=== RECORD EXCERPTS ===

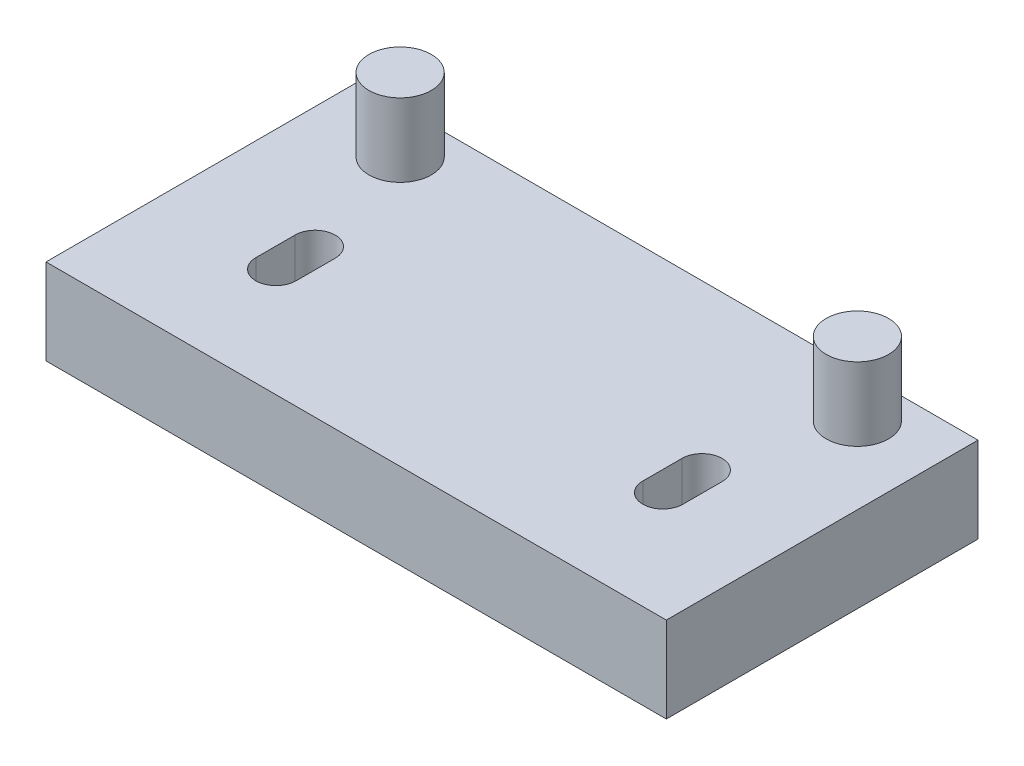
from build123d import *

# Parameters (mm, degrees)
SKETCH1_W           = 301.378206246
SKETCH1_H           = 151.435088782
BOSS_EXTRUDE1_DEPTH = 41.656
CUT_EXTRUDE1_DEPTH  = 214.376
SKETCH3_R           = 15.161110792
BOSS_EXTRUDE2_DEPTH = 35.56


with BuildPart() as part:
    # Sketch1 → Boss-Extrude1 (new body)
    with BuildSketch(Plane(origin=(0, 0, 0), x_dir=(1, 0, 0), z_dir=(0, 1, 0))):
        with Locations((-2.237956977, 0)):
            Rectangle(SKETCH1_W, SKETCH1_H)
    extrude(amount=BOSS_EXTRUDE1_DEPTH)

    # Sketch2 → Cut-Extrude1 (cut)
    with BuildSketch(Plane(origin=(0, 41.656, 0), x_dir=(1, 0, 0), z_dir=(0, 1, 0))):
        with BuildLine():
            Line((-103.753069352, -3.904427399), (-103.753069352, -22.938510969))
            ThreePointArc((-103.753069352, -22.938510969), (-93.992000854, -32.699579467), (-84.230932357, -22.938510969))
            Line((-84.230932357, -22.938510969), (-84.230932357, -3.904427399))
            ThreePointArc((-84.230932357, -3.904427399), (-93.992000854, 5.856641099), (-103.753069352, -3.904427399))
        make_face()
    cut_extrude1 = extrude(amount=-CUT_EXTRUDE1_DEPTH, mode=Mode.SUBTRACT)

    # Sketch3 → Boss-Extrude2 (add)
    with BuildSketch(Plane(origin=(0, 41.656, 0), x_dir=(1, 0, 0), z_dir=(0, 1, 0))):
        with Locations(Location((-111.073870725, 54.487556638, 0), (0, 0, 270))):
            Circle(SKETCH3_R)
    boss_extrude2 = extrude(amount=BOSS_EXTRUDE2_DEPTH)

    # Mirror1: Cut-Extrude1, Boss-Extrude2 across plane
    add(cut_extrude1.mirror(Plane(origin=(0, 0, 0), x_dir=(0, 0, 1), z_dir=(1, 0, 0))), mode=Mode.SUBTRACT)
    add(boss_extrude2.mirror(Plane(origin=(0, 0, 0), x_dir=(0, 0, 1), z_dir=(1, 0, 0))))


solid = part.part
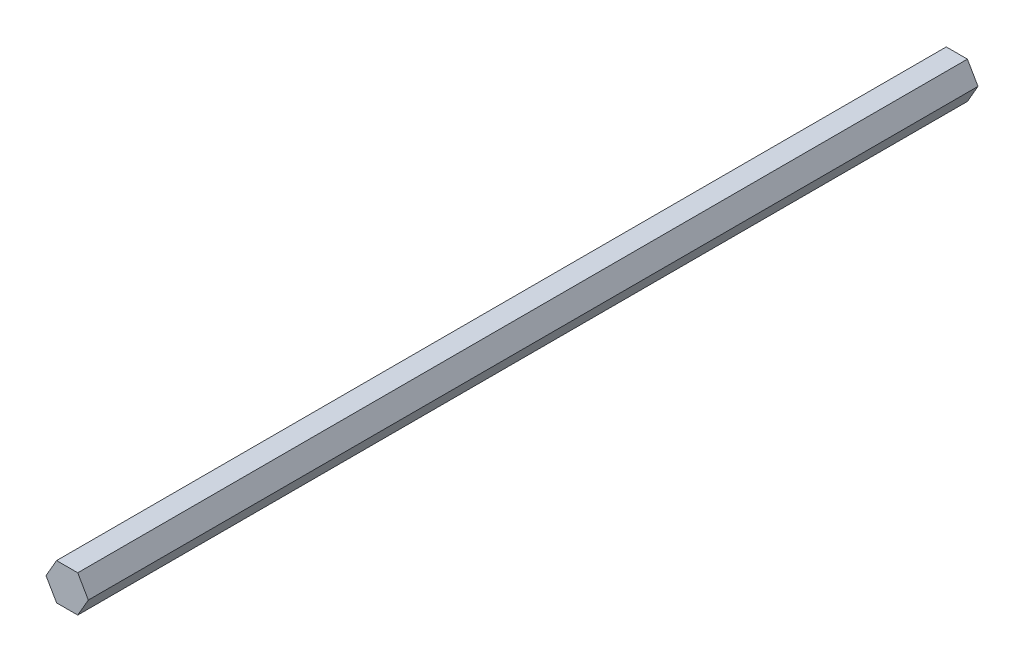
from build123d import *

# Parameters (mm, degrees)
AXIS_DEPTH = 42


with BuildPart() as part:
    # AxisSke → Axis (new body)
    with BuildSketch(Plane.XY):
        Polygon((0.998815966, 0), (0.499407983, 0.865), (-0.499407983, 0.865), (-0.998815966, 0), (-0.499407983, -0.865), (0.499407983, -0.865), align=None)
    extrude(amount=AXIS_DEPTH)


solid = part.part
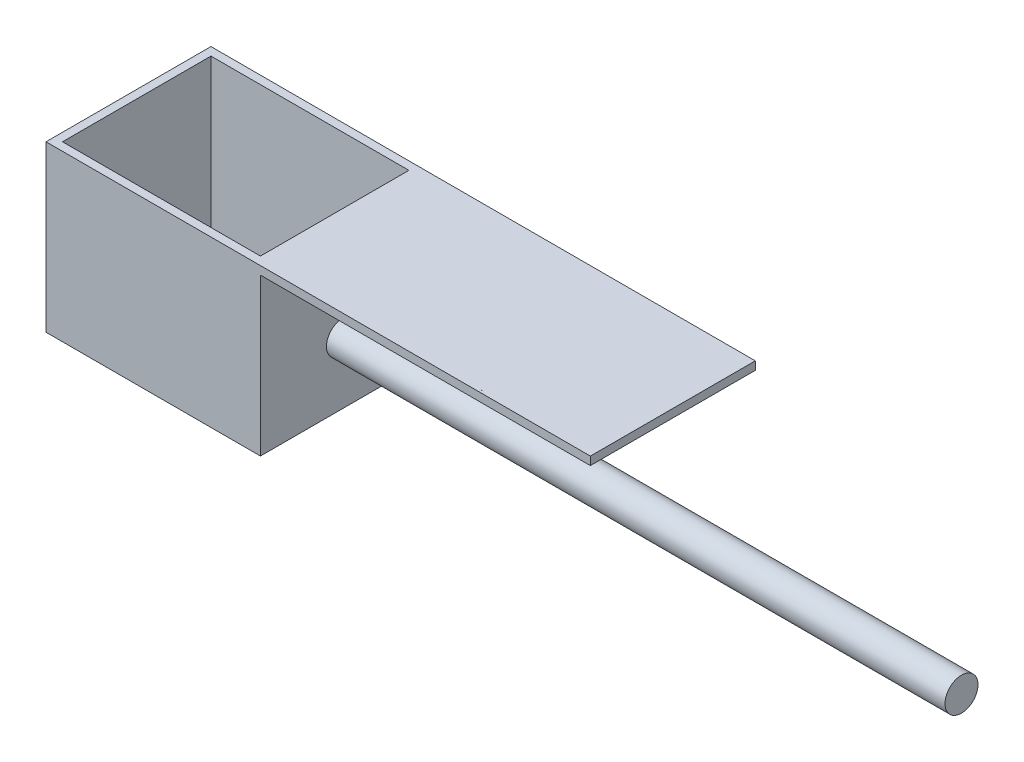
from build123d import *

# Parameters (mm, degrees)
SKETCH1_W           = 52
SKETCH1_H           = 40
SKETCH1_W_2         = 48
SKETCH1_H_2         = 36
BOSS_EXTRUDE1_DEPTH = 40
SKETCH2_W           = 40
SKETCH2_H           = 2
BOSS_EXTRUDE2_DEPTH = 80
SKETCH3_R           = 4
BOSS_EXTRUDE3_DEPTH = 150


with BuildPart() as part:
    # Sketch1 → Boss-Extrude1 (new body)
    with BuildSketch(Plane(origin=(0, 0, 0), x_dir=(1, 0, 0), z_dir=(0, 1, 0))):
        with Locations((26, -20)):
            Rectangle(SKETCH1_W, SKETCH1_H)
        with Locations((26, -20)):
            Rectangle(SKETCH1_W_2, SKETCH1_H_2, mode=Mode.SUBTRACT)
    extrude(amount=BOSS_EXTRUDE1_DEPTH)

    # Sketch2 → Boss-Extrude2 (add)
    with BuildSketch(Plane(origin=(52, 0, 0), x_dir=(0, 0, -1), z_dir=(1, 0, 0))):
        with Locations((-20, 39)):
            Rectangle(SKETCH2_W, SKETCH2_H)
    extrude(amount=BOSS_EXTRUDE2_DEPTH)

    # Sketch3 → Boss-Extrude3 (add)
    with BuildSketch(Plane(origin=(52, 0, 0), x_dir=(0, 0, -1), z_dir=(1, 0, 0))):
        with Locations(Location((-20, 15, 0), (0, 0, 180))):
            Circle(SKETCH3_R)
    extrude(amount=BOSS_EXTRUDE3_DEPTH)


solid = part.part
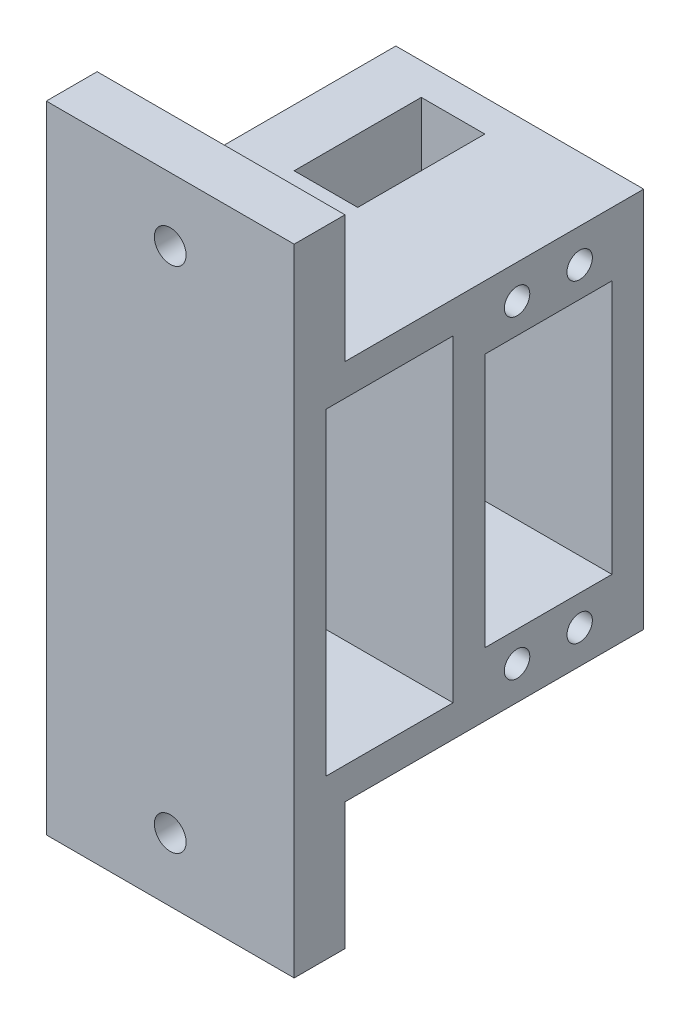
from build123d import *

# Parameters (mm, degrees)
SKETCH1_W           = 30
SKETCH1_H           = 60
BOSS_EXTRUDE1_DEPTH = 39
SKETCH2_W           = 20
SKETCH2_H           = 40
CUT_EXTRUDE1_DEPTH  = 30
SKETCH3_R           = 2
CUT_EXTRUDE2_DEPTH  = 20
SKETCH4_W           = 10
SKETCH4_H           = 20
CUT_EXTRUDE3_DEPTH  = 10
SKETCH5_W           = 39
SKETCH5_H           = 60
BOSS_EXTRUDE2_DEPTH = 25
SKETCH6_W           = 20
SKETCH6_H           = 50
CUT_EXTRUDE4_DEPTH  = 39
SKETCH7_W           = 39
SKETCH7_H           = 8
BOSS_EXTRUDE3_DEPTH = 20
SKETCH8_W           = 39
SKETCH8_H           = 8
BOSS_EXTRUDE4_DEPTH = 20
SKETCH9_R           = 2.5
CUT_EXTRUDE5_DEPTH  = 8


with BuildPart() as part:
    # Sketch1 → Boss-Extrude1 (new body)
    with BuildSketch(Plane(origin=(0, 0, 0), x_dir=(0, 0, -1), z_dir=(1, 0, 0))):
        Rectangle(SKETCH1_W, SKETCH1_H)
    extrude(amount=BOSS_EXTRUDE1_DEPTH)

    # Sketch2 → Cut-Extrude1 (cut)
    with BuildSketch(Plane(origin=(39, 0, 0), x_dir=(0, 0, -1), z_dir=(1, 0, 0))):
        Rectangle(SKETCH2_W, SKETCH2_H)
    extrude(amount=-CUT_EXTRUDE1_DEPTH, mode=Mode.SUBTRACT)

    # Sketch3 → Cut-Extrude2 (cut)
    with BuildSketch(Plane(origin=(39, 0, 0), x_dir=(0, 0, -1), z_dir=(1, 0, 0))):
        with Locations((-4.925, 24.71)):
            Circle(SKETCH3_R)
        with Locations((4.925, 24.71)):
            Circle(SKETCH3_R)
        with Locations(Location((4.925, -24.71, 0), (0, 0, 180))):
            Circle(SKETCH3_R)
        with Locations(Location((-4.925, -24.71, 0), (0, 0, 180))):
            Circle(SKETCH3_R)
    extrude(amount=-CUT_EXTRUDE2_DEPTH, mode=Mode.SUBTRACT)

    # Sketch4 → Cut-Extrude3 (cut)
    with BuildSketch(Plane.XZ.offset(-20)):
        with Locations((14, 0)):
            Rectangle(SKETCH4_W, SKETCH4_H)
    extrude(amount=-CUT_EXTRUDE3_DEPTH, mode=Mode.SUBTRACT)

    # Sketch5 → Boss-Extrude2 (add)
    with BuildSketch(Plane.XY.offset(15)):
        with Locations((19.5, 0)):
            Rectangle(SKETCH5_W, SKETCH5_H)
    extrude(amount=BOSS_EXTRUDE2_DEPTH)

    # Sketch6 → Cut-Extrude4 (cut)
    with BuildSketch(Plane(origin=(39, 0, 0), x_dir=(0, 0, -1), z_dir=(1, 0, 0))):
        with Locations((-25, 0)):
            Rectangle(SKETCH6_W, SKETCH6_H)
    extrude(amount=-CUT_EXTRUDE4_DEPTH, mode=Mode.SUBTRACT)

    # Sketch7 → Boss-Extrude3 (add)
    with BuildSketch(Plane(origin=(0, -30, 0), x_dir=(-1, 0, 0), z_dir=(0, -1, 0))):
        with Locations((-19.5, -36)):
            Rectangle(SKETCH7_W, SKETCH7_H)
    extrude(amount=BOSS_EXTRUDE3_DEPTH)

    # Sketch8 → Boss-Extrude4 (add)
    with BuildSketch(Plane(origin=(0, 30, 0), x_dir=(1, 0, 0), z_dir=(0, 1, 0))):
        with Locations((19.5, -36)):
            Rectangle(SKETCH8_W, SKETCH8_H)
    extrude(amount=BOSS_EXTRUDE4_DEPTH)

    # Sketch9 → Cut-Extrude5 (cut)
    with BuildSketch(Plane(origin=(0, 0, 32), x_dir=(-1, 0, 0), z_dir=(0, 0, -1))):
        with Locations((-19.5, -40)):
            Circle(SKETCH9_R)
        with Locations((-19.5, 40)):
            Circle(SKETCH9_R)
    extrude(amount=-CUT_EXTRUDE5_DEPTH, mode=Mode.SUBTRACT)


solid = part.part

===

TASK OBJECTIVE
Could you set down, exactly as written, every line from the start of the records above through the line containing "-32.699579467), (-84.230932357, -22.938510969))", leaving the pictures out?

RESULT OF THE TASK
from build123d import *

# Parameters (mm, degrees)
SKETCH1_W           = 301.378206246
SKETCH1_H           = 151.435088782
BOSS_EXTRUDE1_DEPTH = 41.656
CUT_EXTRUDE1_DEPTH  = 214.376
SKETCH3_R           = 15.161110792
BOSS_EXTRUDE2_DEPTH = 35.56


with BuildPart() as part:
    # Sketch1 → Boss-Extrude1 (new body)
    with BuildSketch(Plane(origin=(0, 0, 0), x_dir=(1, 0, 0), z_dir=(0, 1, 0))):
        with Locations((-2.237956977, 0)):
            Rectangle(SKETCH1_W, SKETCH1_H)
    extrude(amount=BOSS_EXTRUDE1_DEPTH)

    # Sketch2 → Cut-Extrude1 (cut)
    with BuildSketch(Plane(origin=(0, 41.656, 0), x_dir=(1, 0, 0), z_dir=(0, 1, 0))):
        with BuildLine():
            Line((-103.753069352, -3.904427399), (-103.753069352, -22.938510969))
            ThreePointArc((-103.753069352, -22.938510969), (-93.992000854, -32.699579467), (-84.230932357, -22.938510969))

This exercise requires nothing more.